- _Data for this exercise_
=== Section Start ===

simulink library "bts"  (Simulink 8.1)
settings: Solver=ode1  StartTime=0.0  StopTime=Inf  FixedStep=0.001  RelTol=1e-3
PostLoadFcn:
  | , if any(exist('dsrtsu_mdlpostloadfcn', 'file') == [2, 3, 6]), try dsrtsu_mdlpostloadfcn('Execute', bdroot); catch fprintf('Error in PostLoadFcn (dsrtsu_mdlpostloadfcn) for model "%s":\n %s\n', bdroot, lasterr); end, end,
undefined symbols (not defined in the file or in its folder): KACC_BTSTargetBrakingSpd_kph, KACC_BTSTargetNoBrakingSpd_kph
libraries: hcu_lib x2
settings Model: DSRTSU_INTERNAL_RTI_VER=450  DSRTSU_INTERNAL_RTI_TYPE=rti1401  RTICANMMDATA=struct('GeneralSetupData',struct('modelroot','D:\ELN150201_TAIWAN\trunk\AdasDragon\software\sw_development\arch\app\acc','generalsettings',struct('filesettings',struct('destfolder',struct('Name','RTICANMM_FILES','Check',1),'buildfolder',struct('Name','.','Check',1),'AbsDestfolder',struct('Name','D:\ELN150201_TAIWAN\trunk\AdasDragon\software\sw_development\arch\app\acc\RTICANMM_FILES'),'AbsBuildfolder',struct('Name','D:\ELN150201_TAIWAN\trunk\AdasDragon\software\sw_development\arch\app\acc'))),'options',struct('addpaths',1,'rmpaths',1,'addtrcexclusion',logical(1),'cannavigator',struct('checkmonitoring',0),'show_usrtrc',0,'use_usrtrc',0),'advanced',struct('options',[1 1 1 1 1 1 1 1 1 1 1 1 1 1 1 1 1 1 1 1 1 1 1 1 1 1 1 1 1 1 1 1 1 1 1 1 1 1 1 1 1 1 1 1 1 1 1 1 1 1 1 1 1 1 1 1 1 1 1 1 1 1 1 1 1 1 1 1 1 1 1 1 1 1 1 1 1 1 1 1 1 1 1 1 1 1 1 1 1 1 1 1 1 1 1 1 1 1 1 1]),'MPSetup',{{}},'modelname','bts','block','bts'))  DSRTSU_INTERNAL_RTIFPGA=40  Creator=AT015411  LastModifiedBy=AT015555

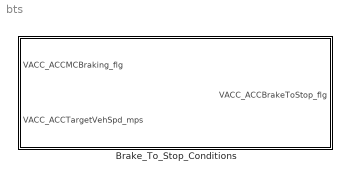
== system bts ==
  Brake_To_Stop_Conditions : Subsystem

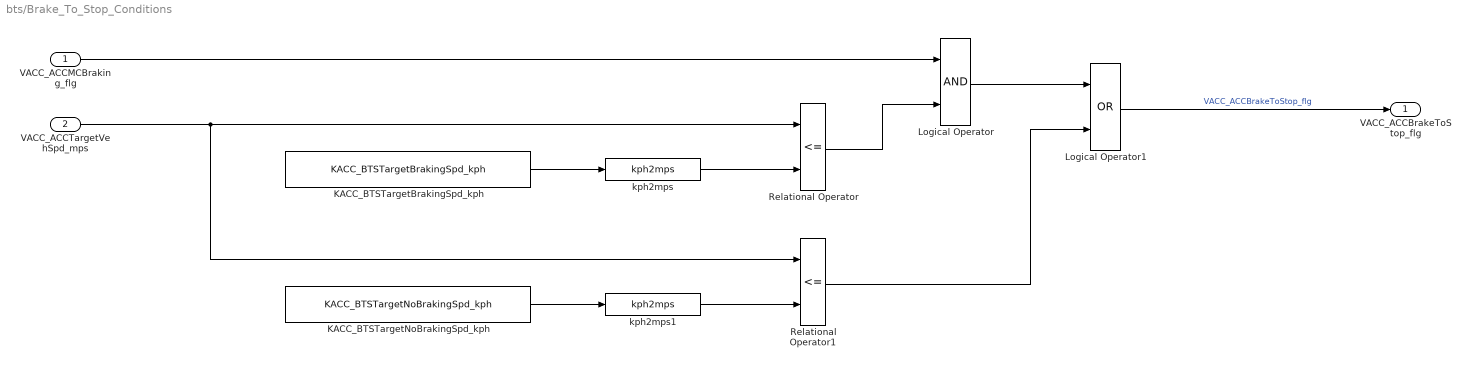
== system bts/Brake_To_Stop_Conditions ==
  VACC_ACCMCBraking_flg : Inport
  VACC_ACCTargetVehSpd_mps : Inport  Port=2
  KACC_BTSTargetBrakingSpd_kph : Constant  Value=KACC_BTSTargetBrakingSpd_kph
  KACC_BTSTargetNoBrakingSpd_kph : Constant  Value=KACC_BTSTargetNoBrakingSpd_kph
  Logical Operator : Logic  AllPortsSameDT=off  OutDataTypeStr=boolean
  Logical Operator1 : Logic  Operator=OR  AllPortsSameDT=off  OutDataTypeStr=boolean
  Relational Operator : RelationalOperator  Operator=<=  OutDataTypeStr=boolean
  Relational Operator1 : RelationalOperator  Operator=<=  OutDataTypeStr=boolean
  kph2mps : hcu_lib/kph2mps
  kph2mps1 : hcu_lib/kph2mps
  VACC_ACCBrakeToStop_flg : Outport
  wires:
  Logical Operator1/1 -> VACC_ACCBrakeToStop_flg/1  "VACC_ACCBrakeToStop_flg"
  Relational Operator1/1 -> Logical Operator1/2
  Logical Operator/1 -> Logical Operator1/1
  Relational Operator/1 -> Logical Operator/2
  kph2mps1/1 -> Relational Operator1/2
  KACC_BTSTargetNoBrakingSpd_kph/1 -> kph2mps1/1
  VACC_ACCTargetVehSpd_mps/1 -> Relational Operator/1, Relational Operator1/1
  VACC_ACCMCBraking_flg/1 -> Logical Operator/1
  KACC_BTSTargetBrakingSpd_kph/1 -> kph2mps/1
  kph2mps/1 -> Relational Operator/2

=== Section End ===

- _What you should do_
An exact reproduction of the data above is required, with every picture removed.

- _Your solution_
simulink library "bts"  (Simulink 8.1)
settings: Solver=ode1  StartTime=0.0  StopTime=Inf  FixedStep=0.001  RelTol=1e-3
PostLoadFcn:
  | , if any(exist('dsrtsu_mdlpostloadfcn', 'file') == [2, 3, 6]), try dsrtsu_mdlpostloadfcn('Execute', bdroot); catch fprintf('Error in PostLoadFcn (dsrtsu_mdlpostloadfcn) for model "%s":\n %s\n', bdroot, lasterr); end, end,
undefined symbols (not defined in the file or in its folder): KACC_BTSTargetBrakingSpd_kph, KACC_BTSTargetNoBrakingSpd_kph
libraries: hcu_lib x2
settings Model: DSRTSU_INTERNAL_RTI_VER=450  DSRTSU_INTERNAL_RTI_TYPE=rti1401  RTICANMMDATA=struct('GeneralSetupData',struct('modelroot','D:\ELN150201_TAIWAN\trunk\AdasDragon\software\sw_development\arch\app\acc','generalsettings',struct('filesettings',struct('destfolder',struct('Name','RTICANMM_FILES','Check',1),'buildfolder',struct('Name','.','Check',1),'AbsDestfolder',struct('Name','D:\ELN150201_TAIWAN\trunk\AdasDragon\software\sw_development\arch\app\acc\RTICANMM_FILES'),'AbsBuildfolder',struct('Name','D:\ELN150201_TAIWAN\trunk\AdasDragon\software\sw_development\arch\app\acc'))),'options',struct('addpaths',1,'rmpaths',1,'addtrcexclusion',logical(1),'cannavigator',struct('checkmonitoring',0),'show_usrtrc',0,'use_usrtrc',0),'advanced',struct('options',[1 1 1 1 1 1 1 1 1 1 1 1 1 1 1 1 1 1 1 1 1 1 1 1 1 1 1 1 1 1 1 1 1 1 1 1 1 1 1 1 1 1 1 1 1 1 1 1 1 1 1 1 1 1 1 1 1 1 1 1 1 1 1 1 1 1 1 1 1 1 1 1 1 1 1 1 1 1 1 1 1 1 1 1 1 1 1 1 1 1 1 1 1 1 1 1 1 1 1 1]),'MPSetup',{{}},'modelname','bts','block','bts'))  DSRTSU_INTERNAL_RTIFPGA=40  Creator=AT015411  LastModifiedBy=AT015555

== system bts ==
  Brake_To_Stop_Conditions : Subsystem

== system bts/Brake_To_Stop_Conditions ==
  VACC_ACCMCBraking_flg : Inport
  VACC_ACCTargetVehSpd_mps : Inport  Port=2
  KACC_BTSTargetBrakingSpd_kph : Constant  Value=KACC_BTSTargetBrakingSpd_kph
  KACC_BTSTargetNoBrakingSpd_kph : Constant  Value=KACC_BTSTargetNoBrakingSpd_kph
  Logical Operator : Logic  AllPortsSameDT=off  OutDataTypeStr=boolean
  Logical Operator1 : Logic  Operator=OR  AllPortsSameDT=off  OutDataTypeStr=boolean
  Relational Operator : RelationalOperator  Operator=<=  OutDataTypeStr=boolean
  Relational Operator1 : RelationalOperator  Operator=<=  OutDataTypeStr=boolean
  kph2mps : hcu_lib/kph2mps
  kph2mps1 : hcu_lib/kph2mps
  VACC_ACCBrakeToStop_flg : Outport
  wires:
  Logical Operator1/1 -> VACC_ACCBrakeToStop_flg/1  "VACC_ACCBrakeToStop_flg"
  Relational Operator1/1 -> Logical Operator1/2
  Logical Operator/1 -> Logical Operator1/1
  Relational Operator/1 -> Logical Operator/2
  kph2mps1/1 -> Relational Operator1/2
  KACC_BTSTargetNoBrakingSpd_kph/1 -> kph2mps1/1
  VACC_ACCTargetVehSpd_mps/1 -> Relational Operator/1, Relational Operator1/1
  VACC_ACCMCBraking_flg/1 -> Logical Operator/1
  KACC_BTSTargetBrakingSpd_kph/1 -> kph2mps/1
  kph2mps/1 -> Relational Operator/2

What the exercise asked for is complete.